The majority of cSCCs have a nonspecific signal intensity pattern of hypointensity on T1-weighted images and iso- to hyperintensity on T2-weighted images (1319). However, as cSCCs progress and cystic necrosis develops within the tumor, they generate heterogeneous signal intensities, including non-enhanced regions, on contrast-enhanced images (13). The cSCCs in this study frequently exhibited heterogeneous signal intensities on T2-weighted images (60%).

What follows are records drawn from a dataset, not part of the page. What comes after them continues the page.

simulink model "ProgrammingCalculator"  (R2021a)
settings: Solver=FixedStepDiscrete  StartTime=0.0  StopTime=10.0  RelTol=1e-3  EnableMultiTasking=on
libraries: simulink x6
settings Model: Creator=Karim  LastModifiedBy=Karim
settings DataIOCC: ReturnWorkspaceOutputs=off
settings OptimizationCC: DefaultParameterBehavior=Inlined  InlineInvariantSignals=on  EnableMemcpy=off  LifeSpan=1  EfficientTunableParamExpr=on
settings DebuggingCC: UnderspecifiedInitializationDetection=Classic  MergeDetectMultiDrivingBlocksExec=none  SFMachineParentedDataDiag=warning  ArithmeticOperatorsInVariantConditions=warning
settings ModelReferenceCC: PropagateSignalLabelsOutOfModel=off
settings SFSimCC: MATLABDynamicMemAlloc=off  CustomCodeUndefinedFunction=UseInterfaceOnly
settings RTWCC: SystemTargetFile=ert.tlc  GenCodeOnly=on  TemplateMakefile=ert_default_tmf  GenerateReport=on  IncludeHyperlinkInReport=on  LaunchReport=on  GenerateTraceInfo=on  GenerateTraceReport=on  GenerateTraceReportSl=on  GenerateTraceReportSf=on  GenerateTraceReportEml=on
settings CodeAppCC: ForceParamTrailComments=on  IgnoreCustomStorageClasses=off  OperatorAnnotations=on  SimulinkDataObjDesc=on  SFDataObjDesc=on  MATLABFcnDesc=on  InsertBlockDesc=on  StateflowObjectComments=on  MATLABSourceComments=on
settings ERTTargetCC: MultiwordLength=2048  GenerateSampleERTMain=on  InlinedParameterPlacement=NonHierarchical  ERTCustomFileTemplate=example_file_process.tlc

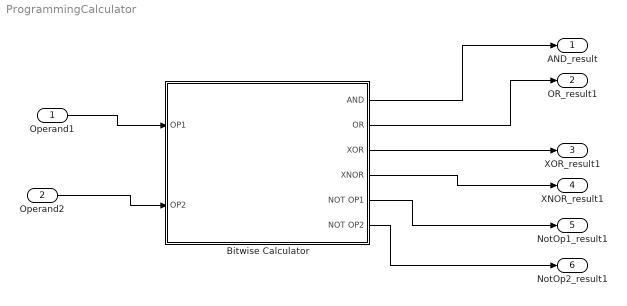
== system ProgrammingCalculator ==
  Operand1 : Inport
  Operand2 : Inport  Port=2
  Bitwise Calculator : Subsystem
  AND_result : Outport
  OR_result1 : Outport  Port=2
  XOR_result1 : Outport  Port=3
  XNOR_result1 : Outport  Port=4
  NotOp1_result1 : Outport  Port=5
  NotOp2_result1 : Outport  Port=6
  wires:
  Bitwise Calculator/1(AND) -> AND_result/1
  Bitwise Calculator/2(OR) -> OR_result1/1
  Bitwise Calculator/3(XOR) -> XOR_result1/1
  Bitwise Calculator/4(XNOR) -> XNOR_result1/1
  Bitwise Calculator/5(NOT OP1) -> NotOp1_result1/1
  Bitwise Calculator/6(NOT OP2) -> NotOp2_result1/1
  Operand1/1 -> Bitwise Calculator/1(OP1)
  Operand2/1 -> Bitwise Calculator/2(OP2)

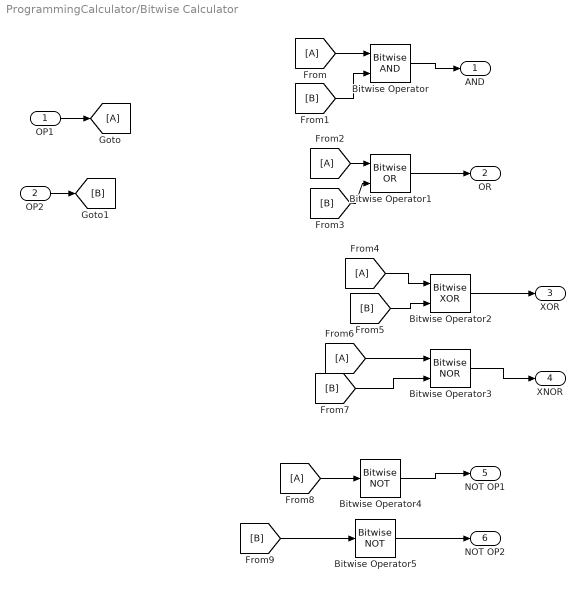
== system ProgrammingCalculator/Bitwise Calculator ==
  OP1 : Inport  OutDataTypeStr=uint16
  OP2 : Inport  Port=2  OutDataTypeStr=uint16
  Bitwise Operator : simulink/Logic and Bit Operations/Bitwise Operator  logicop=AND  UseBitMask=off  NumInputPorts=2  BitMask=bin2dec('11011001')  BitMaskRealWorld=Stored Integer
  Bitwise Operator1 : simulink/Logic and Bit Operations/Bitwise Operator  logicop=OR  UseBitMask=off  NumInputPorts=2  BitMask=bin2dec('11011001')  BitMaskRealWorld=Stored Integer
  Bitwise Operator2 : simulink/Logic and Bit Operations/Bitwise Operator  logicop=XOR  UseBitMask=off  NumInputPorts=2  BitMask=bin2dec('11011001')  BitMaskRealWorld=Stored Integer
  Bitwise Operator3 : simulink/Logic and Bit Operations/Bitwise Operator  logicop=NOR  UseBitMask=off  NumInputPorts=2  BitMask=bin2dec('11011001')  BitMaskRealWorld=Stored Integer
  Bitwise Operator4 : simulink/Logic and Bit Operations/Bitwise Operator  logicop=NOT  UseBitMask=off  BitMask=bin2dec('11011001')  BitMaskRealWorld=Stored Integer
  Bitwise Operator5 : simulink/Logic and Bit Operations/Bitwise Operator  logicop=NOT  UseBitMask=off  BitMask=bin2dec('11011001')  BitMaskRealWorld=Stored Integer
  AND : Outport
  OR : Outport  Port=2
  XOR : Outport  Port=3
  XNOR : Outport  Port=4
  NOT OP1 : Outport  Port=5
  NOT OP2 : Outport  Port=6
  wires:
  OP1/1 -> [A]
  Bitwise Operator/1 -> AND/1
  Bitwise Operator1/1 -> OR/1
  Bitwise Operator2/1 -> XOR/1
  Bitwise Operator3/1 -> XNOR/1
  OP2/1 -> [B]
  [A] -> Bitwise Operator/1
  [B] -> Bitwise Operator/2
  [A] -> Bitwise Operator1/1
  [B] -> Bitwise Operator1/2
  [A] -> Bitwise Operator2/1
  [B] -> Bitwise Operator2/2
  [A] -> Bitwise Operator3/1
  [B] -> Bitwise Operator3/2
  Bitwise Operator5/1 -> NOT OP2/1
  [B] -> Bitwise Operator5/1
  [A] -> Bitwise Operator4/1
  Bitwise Operator4/1 -> NOT OP1/1

Several limitations of this study are worth noting. First, the cohort size was relatively small considering that the study was conducted at a single institution. Second, given that MR imaging could not accurately evaluate low-height tumors, only those with a histologic height of ≥ 4 mm were included in this study, which may have introduced a selection bias. Third, given that the cBCCs in this study were mostly nodular cBCCs (13/14), the features distinguishing cBCCs from cSCCs might not reflect characteristics of infiltrating cBCCs. Fourth, owing to the retrospective nature of this study, only five patients had undergone contrast-enhanced MR imaging. Among these five patients with tumors (three cBCCs and two cSCCs), relatively homogeneous enhancement was observed. In addition, peritumoral fat enhancement was observed only in tumors with peritumoral fat stranding on fat-suppressed T2-weighted images. Therefore, we presume that contrast-enhanced MR imaging has limited effectiveness for the differentiation between cBCCs and cSCCs. Fifth, according to NCCN guideline, imaging studies should be performed when extensive disease, such as bone involvement, perineural invasion, or deep soft tissue involvement, is suspected. As clinical diagnosis is routinely confirmed by biopsy, imaging-based differentiation is usually not required. This is the first study to reveal the differences in MR features between skin cancers; therefore, the present study may give provide recognition to the supplementary role of MR imaging in the differentiation of skin cancers.

In conclusion, cBCCs predominantly occurred on the nose with intratumoral T2-hyperintense foci corresponding to cystic cavities filled with mucinous contents within cBCCs, an MR imaging finding of intratumoral T2-hyperintense foci that may be characteristic. Meanwhile, characteristic MR imaging findings for cSCCs included a flattened configuration, superficial ulcer formation, protrusion into subcutaneous tissue, ill-demarcated deep tumor margins, and peritumoral fat stranding, which correspond to the aggressive and invasive nature of these tumors. We emphasize that this is the first study that compared the MR imaging findings of the most common skin cancers, in an era of growing prevalence of skin cancers, as well as an ageing population.